Cancún, Mexico — The Business Coordinating Council of the Caribbean (CCE) has raised concerns over Quintana Roo’s declining economic performance, attributing the downturn to three key factors impacting tourism this year. Javier Carlos Olvera Silveira, president of the CCE, cited the depreciation of the U.S. dollar, reduced airline seat capacity, and large-scale sargassum arrivals as the primary challenges affecting the region’s economy.
Economic Pressures Demand Stronger Marketing Efforts
Olvera Silveira emphasized the need for intensified promotional campaigns to counteract the drop in visitor numbers. “We have received reports on the state’s economic performance, and tourism has not had an encouraging year,” he stated, according to Sipse. “The exchange rate no longer favors us, as the dollar has depreciated again.
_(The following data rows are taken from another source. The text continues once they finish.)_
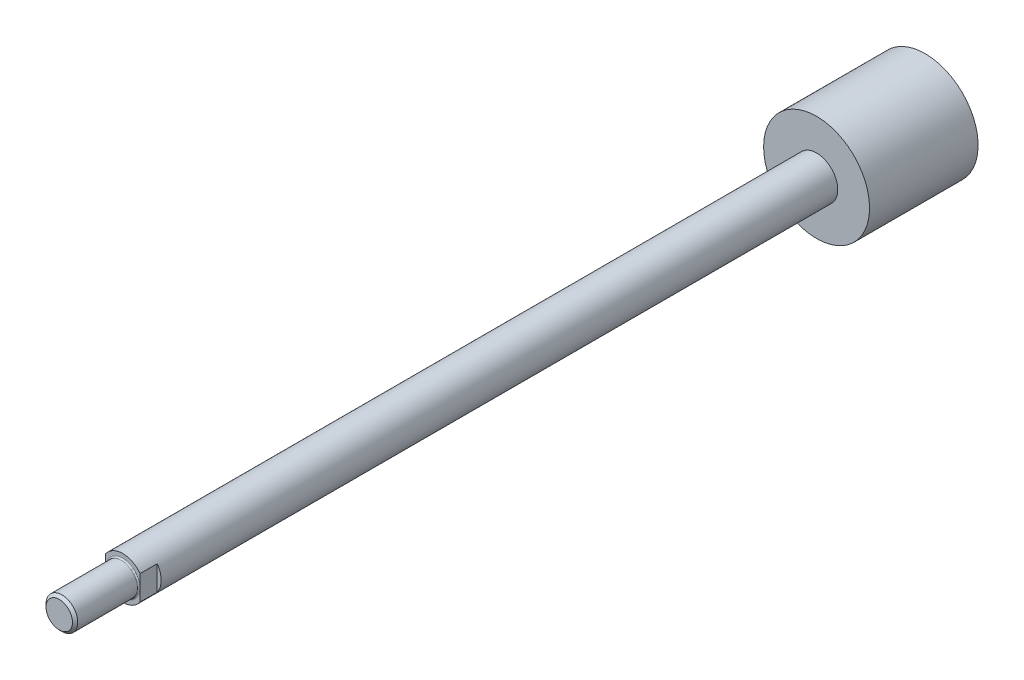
ISO-10303-21;
HEADER;
FILE_DESCRIPTION(('STEP AP214'),'2;1');
FILE_NAME('part.step','',(''),(''),'','','');
FILE_SCHEMA(('AUTOMOTIVE_DESIGN { 1 0 10303 214 1 1 1 1 }'));
ENDSEC;
DATA;
#1=APPLICATION_CONTEXT('core data for automotive mechanical design processes');
#2=APPLICATION_PROTOCOL_DEFINITION('international standard','automotive_design',2000,#1);
#3=PRODUCT_CONTEXT('',#1,'mechanical');
#4=PRODUCT('Part','Part','',(#3));
#5=PRODUCT_RELATED_PRODUCT_CATEGORY('part','',(#4));
#6=PRODUCT_DEFINITION_FORMATION('','',#4);
#7=PRODUCT_DEFINITION_CONTEXT('part definition',#1,'design');
#8=PRODUCT_DEFINITION('design','',#6,#7);
#9=PRODUCT_DEFINITION_SHAPE('','',#8);
#10=(LENGTH_UNIT() NAMED_UNIT(*) SI_UNIT(.MILLI.,.METRE.));
#11=(NAMED_UNIT(*) PLANE_ANGLE_UNIT() SI_UNIT($,.RADIAN.));
#12=(NAMED_UNIT(*) SI_UNIT($,.STERADIAN.) SOLID_ANGLE_UNIT());
#13=UNCERTAINTY_MEASURE_WITH_UNIT(LENGTH_MEASURE(1.E-05),#10,'distance_accuracy_value','');
#14=(GEOMETRIC_REPRESENTATION_CONTEXT(3) GLOBAL_UNCERTAINTY_ASSIGNED_CONTEXT((#13)) GLOBAL_UNIT_ASSIGNED_CONTEXT((#10,
#11,#12)) REPRESENTATION_CONTEXT('',''));
#15=CARTESIAN_POINT('',(0.,0.,0.));
#16=DIRECTION('',(0.,0.,1.));
#17=DIRECTION('',(1.,0.,0.));
#18=AXIS2_PLACEMENT_3D('',#15,#16,#17);
#19=CARTESIAN_POINT('',(0.,0.,327.));
#20=DIRECTION('',(0.,0.,1.));
#21=DIRECTION('',(1.,0.,0.));
#22=AXIS2_PLACEMENT_3D('',#19,#20,#21);
#23=PLANE('',#22);
#24=CARTESIAN_POINT('',(0.,0.,327.000000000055));
#25=DIRECTION('',(0.,0.,-1.));
#26=DIRECTION('',(-1.,0.,0.));
#27=AXIS2_PLACEMENT_3D('',#24,#25,#26);
#28=CIRCLE('',#27,4.99999999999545);
#29=CARTESIAN_POINT('',(-4.99999999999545,0.,327.000000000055));
#30=VERTEX_POINT('',#29);
#31=EDGE_CURVE('E102',#30,#30,#28,.T.);
#32=ORIENTED_EDGE('',*,*,#31,.F.);
#33=EDGE_LOOP('',(#32));
#34=FACE_BOUND('',#33,.T.);
#35=ADVANCED_FACE('F16',(#34),#23,.T.);
#36=CARTESIAN_POINT('',(0.,0.,326.000000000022));
#37=DIRECTION('',(0.,0.,-1.));
#38=DIRECTION('',(-1.,0.,0.));
#39=AXIS2_PLACEMENT_3D('',#36,#37,#38);
#40=CONICAL_SURFACE('',#39,5.99999999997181,0.785398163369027);
#41=CARTESIAN_POINT('',(0.,0.,326.));
#42=DIRECTION('',(0.,0.,-1.));
#43=DIRECTION('',(-1.,0.,0.));
#44=AXIS2_PLACEMENT_3D('',#41,#42,#43);
#45=CIRCLE('',#44,6.);
#46=CARTESIAN_POINT('',(-6.,0.,326.));
#47=VERTEX_POINT('',#46);
#48=EDGE_CURVE('E99',#47,#47,#45,.T.);
#49=ORIENTED_EDGE('',*,*,#48,.F.);
#50=EDGE_LOOP('',(#49));
#51=FACE_BOUND('',#50,.T.);
#52=ORIENTED_EDGE('',*,*,#31,.T.);
#53=EDGE_LOOP('',(#52));
#54=FACE_BOUND('',#53,.T.);
#55=ADVANCED_FACE('F263',(#51,#54),#40,.T.);
#56=CARTESIAN_POINT('',(0.,0.,0.));
#57=DIRECTION('',(0.,0.,-1.));
#58=DIRECTION('',(-1.,0.,0.));
#59=AXIS2_PLACEMENT_3D('',#56,#57,#58);
#60=PLANE('',#59);
#61=CARTESIAN_POINT('',(0.,0.,0.));
#62=DIRECTION('',(0.,0.,-1.));
#63=DIRECTION('',(-1.,0.,0.));
#64=AXIS2_PLACEMENT_3D('',#61,#62,#63);
#65=CIRCLE('',#64,20.);
#66=CARTESIAN_POINT('',(-20.,0.,0.));
#67=VERTEX_POINT('',#66);
#68=EDGE_CURVE('E98',#67,#67,#65,.F.);
#69=ORIENTED_EDGE('',*,*,#68,.F.);
#70=EDGE_LOOP('',(#69));
#71=FACE_BOUND('',#70,.T.);
#72=ADVANCED_FACE('F256',(#71),#60,.T.);
#73=CARTESIAN_POINT('',(0.,0.,327.));
#74=DIRECTION('',(0.,0.,-1.));
#75=DIRECTION('',(-1.,0.,0.));
#76=AXIS2_PLACEMENT_3D('',#73,#74,#75);
#77=CYLINDRICAL_SURFACE('',#76,6.);
#78=CARTESIAN_POINT('',(0.,0.,303.5));
#79=DIRECTION('',(0.,0.,1.));
#80=DIRECTION('',(1.,0.,0.));
#81=AXIS2_PLACEMENT_3D('',#78,#79,#80);
#82=CIRCLE('',#81,6.);
#83=CARTESIAN_POINT('',(6.,0.,303.5));
#84=VERTEX_POINT('',#83);
#85=EDGE_CURVE('E95',#84,#84,#82,.T.);
#86=ORIENTED_EDGE('',*,*,#85,.T.);
#87=EDGE_LOOP('',(#86));
#88=FACE_BOUND('',#87,.T.);
#89=ORIENTED_EDGE('',*,*,#48,.T.);
#90=EDGE_LOOP('',(#89));
#91=FACE_BOUND('',#90,.T.);
#92=ADVANCED_FACE('F249',(#88,#91),#77,.T.);
#93=CARTESIAN_POINT('',(0.,0.,-31.0732569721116));
#94=DIRECTION('',(0.,0.,-1.));
#95=DIRECTION('',(-1.,0.,0.));
#96=AXIS2_PLACEMENT_3D('',#93,#94,#95);
#97=CYLINDRICAL_SURFACE('',#96,20.);
#98=CARTESIAN_POINT('',(0.,0.,41.));
#99=DIRECTION('',(0.,0.,-1.));
#100=DIRECTION('',(-1.,0.,0.));
#101=AXIS2_PLACEMENT_3D('',#98,#99,#100);
#102=CIRCLE('',#101,20.);
#103=CARTESIAN_POINT('',(-20.,0.,41.));
#104=VERTEX_POINT('',#103);
#105=EDGE_CURVE('E74',#104,#104,#102,.F.);
#106=ORIENTED_EDGE('',*,*,#105,.F.);
#107=EDGE_LOOP('',(#106));
#108=FACE_BOUND('',#107,.T.);
#109=ORIENTED_EDGE('',*,*,#68,.T.);
#110=EDGE_LOOP('',(#109));
#111=FACE_BOUND('',#110,.T.);
#112=ADVANCED_FACE('F154',(#108,#111),#97,.T.);
#113=CARTESIAN_POINT('',(0.,0.,303.5));
#114=DIRECTION('',(0.,0.,1.));
#115=DIRECTION('',(1.,0.,0.));
#116=AXIS2_PLACEMENT_3D('',#113,#114,#115);
#117=TOROIDAL_SURFACE('',#116,6.5,0.5);
#118=ORIENTED_EDGE('',*,*,#85,.F.);
#119=EDGE_LOOP('',(#118));
#120=FACE_BOUND('',#119,.T.);
#121=CARTESIAN_POINT('',(0.,0.,303.));
#122=DIRECTION('',(0.,0.,1.));
#123=DIRECTION('',(-1.,0.,0.));
#124=AXIS2_PLACEMENT_3D('',#121,#122,#123);
#125=CIRCLE('',#124,6.5);
#126=CARTESIAN_POINT('',(6.5,0.,303.));
#127=VERTEX_POINT('',#126);
#128=CARTESIAN_POINT('',(-6.5,0.,303.));
#129=VERTEX_POINT('',#128);
#130=EDGE_CURVE('E81',#127,#129,#125,.F.);
#131=ORIENTED_EDGE('',*,*,#130,.F.);
#132=CARTESIAN_POINT('',(0.,0.,303.));
#133=DIRECTION('',(0.,0.,1.));
#134=DIRECTION('',(1.,0.,0.));
#135=AXIS2_PLACEMENT_3D('',#132,#133,#134);
#136=CIRCLE('',#135,6.5);
#137=EDGE_CURVE('E119',#129,#127,#136,.F.);
#138=ORIENTED_EDGE('',*,*,#137,.F.);
#139=EDGE_LOOP('',(#131,#138));
#140=FACE_BOUND('',#139,.T.);
#141=ADVANCED_FACE('F118',(#120,#140),#117,.F.);
#142=CARTESIAN_POINT('',(0.,0.,303.));
#143=DIRECTION('',(0.,0.,1.));
#144=DIRECTION('',(1.,0.,0.));
#145=AXIS2_PLACEMENT_3D('',#142,#143,#144);
#146=PLANE('',#145);
#147=DIRECTION('',(0.,1.,0.));
#148=VECTOR('',#147,1.);
#149=CARTESIAN_POINT('',(-6.5,4.66368952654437,303.));
#150=LINE('',#149,#148);
#151=CARTESIAN_POINT('',(-6.5,-4.66368952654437,303.));
#152=VERTEX_POINT('',#151);
#153=EDGE_CURVE('E78',#129,#152,#150,.F.);
#154=ORIENTED_EDGE('',*,*,#153,.T.);
#155=CARTESIAN_POINT('',(0.,0.,303.));
#156=DIRECTION('',(0.,0.,-1.));
#157=DIRECTION('',(-1.,0.,0.));
#158=AXIS2_PLACEMENT_3D('',#155,#156,#157);
#159=CIRCLE('',#158,7.99999999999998);
#160=CARTESIAN_POINT('',(6.5,-4.66368952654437,303.));
#161=VERTEX_POINT('',#160);
#162=EDGE_CURVE('E61',#161,#152,#159,.T.);
#163=ORIENTED_EDGE('',*,*,#162,.F.);
#164=DIRECTION('',(0.,1.,0.));
#165=VECTOR('',#164,1.);
#166=CARTESIAN_POINT('',(6.5,-4.66368952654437,303.));
#167=LINE('',#166,#165);
#168=EDGE_CURVE('E122',#161,#127,#167,.T.);
#169=ORIENTED_EDGE('',*,*,#168,.T.);
#170=ORIENTED_EDGE('',*,*,#130,.T.);
#171=EDGE_LOOP('',(#154,#163,#169,#170));
#172=FACE_BOUND('',#171,.T.);
#173=ADVANCED_FACE('F79',(#172),#146,.T.);
#174=CARTESIAN_POINT('',(0.,0.,296.5));
#175=DIRECTION('',(0.,0.,1.));
#176=DIRECTION('',(1.,0.,0.));
#177=AXIS2_PLACEMENT_3D('',#174,#175,#176);
#178=PLANE('',#177);
#179=CARTESIAN_POINT('',(0.,0.,296.5));
#180=DIRECTION('',(0.,0.,-1.));
#181=DIRECTION('',(-1.,0.,0.));
#182=AXIS2_PLACEMENT_3D('',#179,#180,#181);
#183=CIRCLE('',#182,7.99999999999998);
#184=CARTESIAN_POINT('',(6.5,4.66368952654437,296.5));
#185=VERTEX_POINT('',#184);
#186=CARTESIAN_POINT('',(6.5,-4.66368952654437,296.5));
#187=VERTEX_POINT('',#186);
#188=EDGE_CURVE('E110',#185,#187,#183,.T.);
#189=ORIENTED_EDGE('',*,*,#188,.F.);
#190=DIRECTION('',(0.,1.,0.));
#191=VECTOR('',#190,1.);
#192=CARTESIAN_POINT('',(6.5,-4.66368952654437,296.5));
#193=LINE('',#192,#191);
#194=EDGE_CURVE('E127',#185,#187,#193,.F.);
#195=ORIENTED_EDGE('',*,*,#194,.T.);
#196=EDGE_LOOP('',(#189,#195));
#197=FACE_BOUND('',#196,.T.);
#198=ADVANCED_FACE('F169',(#197),#178,.T.);
#199=CARTESIAN_POINT('',(0.,20.,41.));
#200=DIRECTION('',(0.,0.,1.));
#201=DIRECTION('',(1.,0.,0.));
#202=AXIS2_PLACEMENT_3D('',#199,#200,#201);
#203=PLANE('',#202);
#204=ORIENTED_EDGE('',*,*,#105,.T.);
#205=EDGE_LOOP('',(#204));
#206=FACE_BOUND('',#205,.T.);
#207=CARTESIAN_POINT('',(0.,0.,41.));
#208=DIRECTION('',(0.,0.,-1.));
#209=DIRECTION('',(-1.,0.,0.));
#210=AXIS2_PLACEMENT_3D('',#207,#208,#209);
#211=CIRCLE('',#210,7.99999999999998);
#212=CARTESIAN_POINT('',(-7.99999999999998,0.,41.));
#213=VERTEX_POINT('',#212);
#214=EDGE_CURVE('E107',#213,#213,#211,.F.);
#215=ORIENTED_EDGE('',*,*,#214,.F.);
#216=EDGE_LOOP('',(#215));
#217=FACE_BOUND('',#216,.T.);
#218=ADVANCED_FACE('F172',(#206,#217),#203,.T.);
#219=CARTESIAN_POINT('',(0.,0.,296.5));
#220=DIRECTION('',(0.,0.,1.));
#221=DIRECTION('',(1.,0.,0.));
#222=AXIS2_PLACEMENT_3D('',#219,#220,#221);
#223=PLANE('',#222);
#224=CARTESIAN_POINT('',(0.,0.,296.5));
#225=DIRECTION('',(0.,0.,-1.));
#226=DIRECTION('',(-1.,0.,0.));
#227=AXIS2_PLACEMENT_3D('',#224,#225,#226);
#228=CIRCLE('',#227,7.99999999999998);
#229=CARTESIAN_POINT('',(-6.5,-4.66368952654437,296.5));
#230=VERTEX_POINT('',#229);
#231=CARTESIAN_POINT('',(-6.5,4.66368952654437,296.5));
#232=VERTEX_POINT('',#231);
#233=EDGE_CURVE('E105',#230,#232,#228,.T.);
#234=ORIENTED_EDGE('',*,*,#233,.F.);
#235=DIRECTION('',(0.,1.,0.));
#236=VECTOR('',#235,1.);
#237=CARTESIAN_POINT('',(-6.5,4.66368952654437,296.5));
#238=LINE('',#237,#236);
#239=EDGE_CURVE('E86',#230,#232,#238,.T.);
#240=ORIENTED_EDGE('',*,*,#239,.T.);
#241=EDGE_LOOP('',(#234,#240));
#242=FACE_BOUND('',#241,.T.);
#243=ADVANCED_FACE('F176',(#242),#223,.T.);
#244=CARTESIAN_POINT('',(-6.5,4.66368952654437,296.5));
#245=DIRECTION('',(1.,0.,0.));
#246=DIRECTION('',(0.,0.,-1.));
#247=AXIS2_PLACEMENT_3D('',#244,#245,#246);
#248=PLANE('',#247);
#249=DIRECTION('',(0.,1.,0.));
#250=VECTOR('',#249,1.);
#251=CARTESIAN_POINT('',(-6.5,0.,303.));
#252=LINE('',#251,#250);
#253=CARTESIAN_POINT('',(-6.5,4.66368952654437,303.));
#254=VERTEX_POINT('',#253);
#255=EDGE_CURVE('E85',#254,#129,#252,.F.);
#256=ORIENTED_EDGE('',*,*,#255,.F.);
#257=DIRECTION('',(0.,0.,-1.));
#258=VECTOR('',#257,1.);
#259=CARTESIAN_POINT('',(-6.5,4.66368952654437,-31.0732569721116));
#260=LINE('',#259,#258);
#261=EDGE_CURVE('E104',#232,#254,#260,.F.);
#262=ORIENTED_EDGE('',*,*,#261,.F.);
#263=ORIENTED_EDGE('',*,*,#239,.F.);
#264=DIRECTION('',(0.,0.,-1.));
#265=VECTOR('',#264,1.);
#266=CARTESIAN_POINT('',(-6.5,-4.66368952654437,296.5));
#267=LINE('',#266,#265);
#268=EDGE_CURVE('E66',#152,#230,#267,.T.);
#269=ORIENTED_EDGE('',*,*,#268,.F.);
#270=ORIENTED_EDGE('',*,*,#153,.F.);
#271=EDGE_LOOP('',(#256,#262,#263,#269,#270));
#272=FACE_BOUND('',#271,.T.);
#273=ADVANCED_FACE('F88',(#272),#248,.F.);
#274=CARTESIAN_POINT('',(0.,0.,303.));
#275=DIRECTION('',(0.,0.,1.));
#276=DIRECTION('',(1.,0.,0.));
#277=AXIS2_PLACEMENT_3D('',#274,#275,#276);
#278=PLANE('',#277);
#279=DIRECTION('',(0.,1.,0.));
#280=VECTOR('',#279,1.);
#281=CARTESIAN_POINT('',(6.5,-4.66368952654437,303.));
#282=LINE('',#281,#280);
#283=CARTESIAN_POINT('',(6.5,4.66368952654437,303.));
#284=VERTEX_POINT('',#283);
#285=EDGE_CURVE('E37',#127,#284,#282,.T.);
#286=ORIENTED_EDGE('',*,*,#285,.T.);
#287=CARTESIAN_POINT('',(0.,0.,303.));
#288=DIRECTION('',(0.,0.,-1.));
#289=DIRECTION('',(-1.,0.,0.));
#290=AXIS2_PLACEMENT_3D('',#287,#288,#289);
#291=CIRCLE('',#290,7.99999999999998);
#292=EDGE_CURVE('E28',#254,#284,#291,.T.);
#293=ORIENTED_EDGE('',*,*,#292,.F.);
#294=ORIENTED_EDGE('',*,*,#255,.T.);
#295=ORIENTED_EDGE('',*,*,#137,.T.);
#296=EDGE_LOOP('',(#286,#293,#294,#295));
#297=FACE_BOUND('',#296,.T.);
#298=ADVANCED_FACE('F126',(#297),#278,.T.);
#299=CARTESIAN_POINT('',(6.5,-4.66368952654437,296.5));
#300=DIRECTION('',(-1.,0.,0.));
#301=DIRECTION('',(0.,0.,1.));
#302=AXIS2_PLACEMENT_3D('',#299,#300,#301);
#303=PLANE('',#302);
#304=ORIENTED_EDGE('',*,*,#168,.F.);
#305=DIRECTION('',(0.,0.,1.));
#306=VECTOR('',#305,1.);
#307=CARTESIAN_POINT('',(6.5,-4.66368952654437,296.5));
#308=LINE('',#307,#306);
#309=EDGE_CURVE('E70',#187,#161,#308,.T.);
#310=ORIENTED_EDGE('',*,*,#309,.F.);
#311=ORIENTED_EDGE('',*,*,#194,.F.);
#312=DIRECTION('',(0.,0.,-1.));
#313=VECTOR('',#312,1.);
#314=CARTESIAN_POINT('',(6.5,4.66368952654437,-31.0732569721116));
#315=LINE('',#314,#313);
#316=EDGE_CURVE('E11',#284,#185,#315,.T.);
#317=ORIENTED_EDGE('',*,*,#316,.F.);
#318=ORIENTED_EDGE('',*,*,#285,.F.);
#319=EDGE_LOOP('',(#304,#310,#311,#317,#318));
#320=FACE_BOUND('',#319,.T.);
#321=ADVANCED_FACE('F130',(#320),#303,.F.);
#322=CARTESIAN_POINT('',(0.,0.,-31.0732569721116));
#323=DIRECTION('',(0.,0.,-1.));
#324=DIRECTION('',(-1.,0.,0.));
#325=AXIS2_PLACEMENT_3D('',#322,#323,#324);
#326=CYLINDRICAL_SURFACE('',#325,7.99999999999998);
#327=ORIENTED_EDGE('',*,*,#214,.T.);
#328=EDGE_LOOP('',(#327));
#329=FACE_BOUND('',#328,.T.);
#330=ORIENTED_EDGE('',*,*,#292,.T.);
#331=ORIENTED_EDGE('',*,*,#316,.T.);
#332=ORIENTED_EDGE('',*,*,#188,.T.);
#333=ORIENTED_EDGE('',*,*,#309,.T.);
#334=ORIENTED_EDGE('',*,*,#162,.T.);
#335=ORIENTED_EDGE('',*,*,#268,.T.);
#336=ORIENTED_EDGE('',*,*,#233,.T.);
#337=ORIENTED_EDGE('',*,*,#261,.T.);
#338=EDGE_LOOP('',(#330,#331,#332,#333,#334,#335,#336,#337));
#339=FACE_BOUND('',#338,.T.);
#340=ADVANCED_FACE('F18',(#329,#339),#326,.T.);
#341=CLOSED_SHELL('',(#35,#55,#72,#92,#112,#141,#173,#198,#218,#243,#273,#298,#321,#340));
#342=MANIFOLD_SOLID_BREP('B1',#341);
#343=ADVANCED_BREP_SHAPE_REPRESENTATION('',(#18,#342),#14);
#344=SHAPE_DEFINITION_REPRESENTATION(#9,#343);
ENDSEC;
END-ISO-10303-21;

This, combined with fewer available flights—which makes the destination more expensive for domestic travelers—and massive sargassum influxes, creates a highly complex situation.”
Meanwhile, the Employers’ Confederation of the Mexican Republic (Coparmex), Cancún chapter, warned of a nationwide economic slowdown, with Quintana Roo particularly vulnerable due to its heavy reliance on tourism. As previously reported by REPORTUR.mx, Coparmex identified risks stemming from U.S. President Donald Trump’s trade policies, which could further reduce domestic tourism to Quintana Roo, where 80% of the economy depends on the sector.
Coparmex Highlights Risks to Quintana Roo’s Stability
María Jovita Portillo Navarro, president of Coparmex, underscored the urgency of addressing economic stagnation. “The recent alert issued by Coparmex regarding Mexico’s economic stagnation has profound and urgent implications for Quintana Roo,” she said. “As a state where tourism drives over 80% of the economy, any decline in domestic consumption, investment, or legal uncertainty directly threatens its primary engine of growth.”
Criticism has also mounted against the Quintana Roo Tourism Promotion Council (CPTQ), led by Andrés Martínez Reynoso, with industry representatives and associations calling for improved marketing strategies to revive the sector.
Visitor Complaints Reflect Broader Challenges
User comments on the article highlighted additional frustrations, such as hotels charging inflated exchange rates for dollar-denominated bookings and declining service quality at high-priced resorts. One commenter noted, “Hotels are still pricing in dollars and converting at 22 pesos per dollar—this is exploitative, just like the taxi fares. Naturally, travelers cancel these reservations.” Another criticized the declining standards at Cancún’s all-inclusive hotels, stating, “Nine out of ten reviews for these overpriced hotels are negative. The lack of accountability is staggering.”
The article underscores growing concerns over Quintana Roo’s ability to compete with emerging destinations like the Dominican Republic, which have capitalized on strategic planning and investment.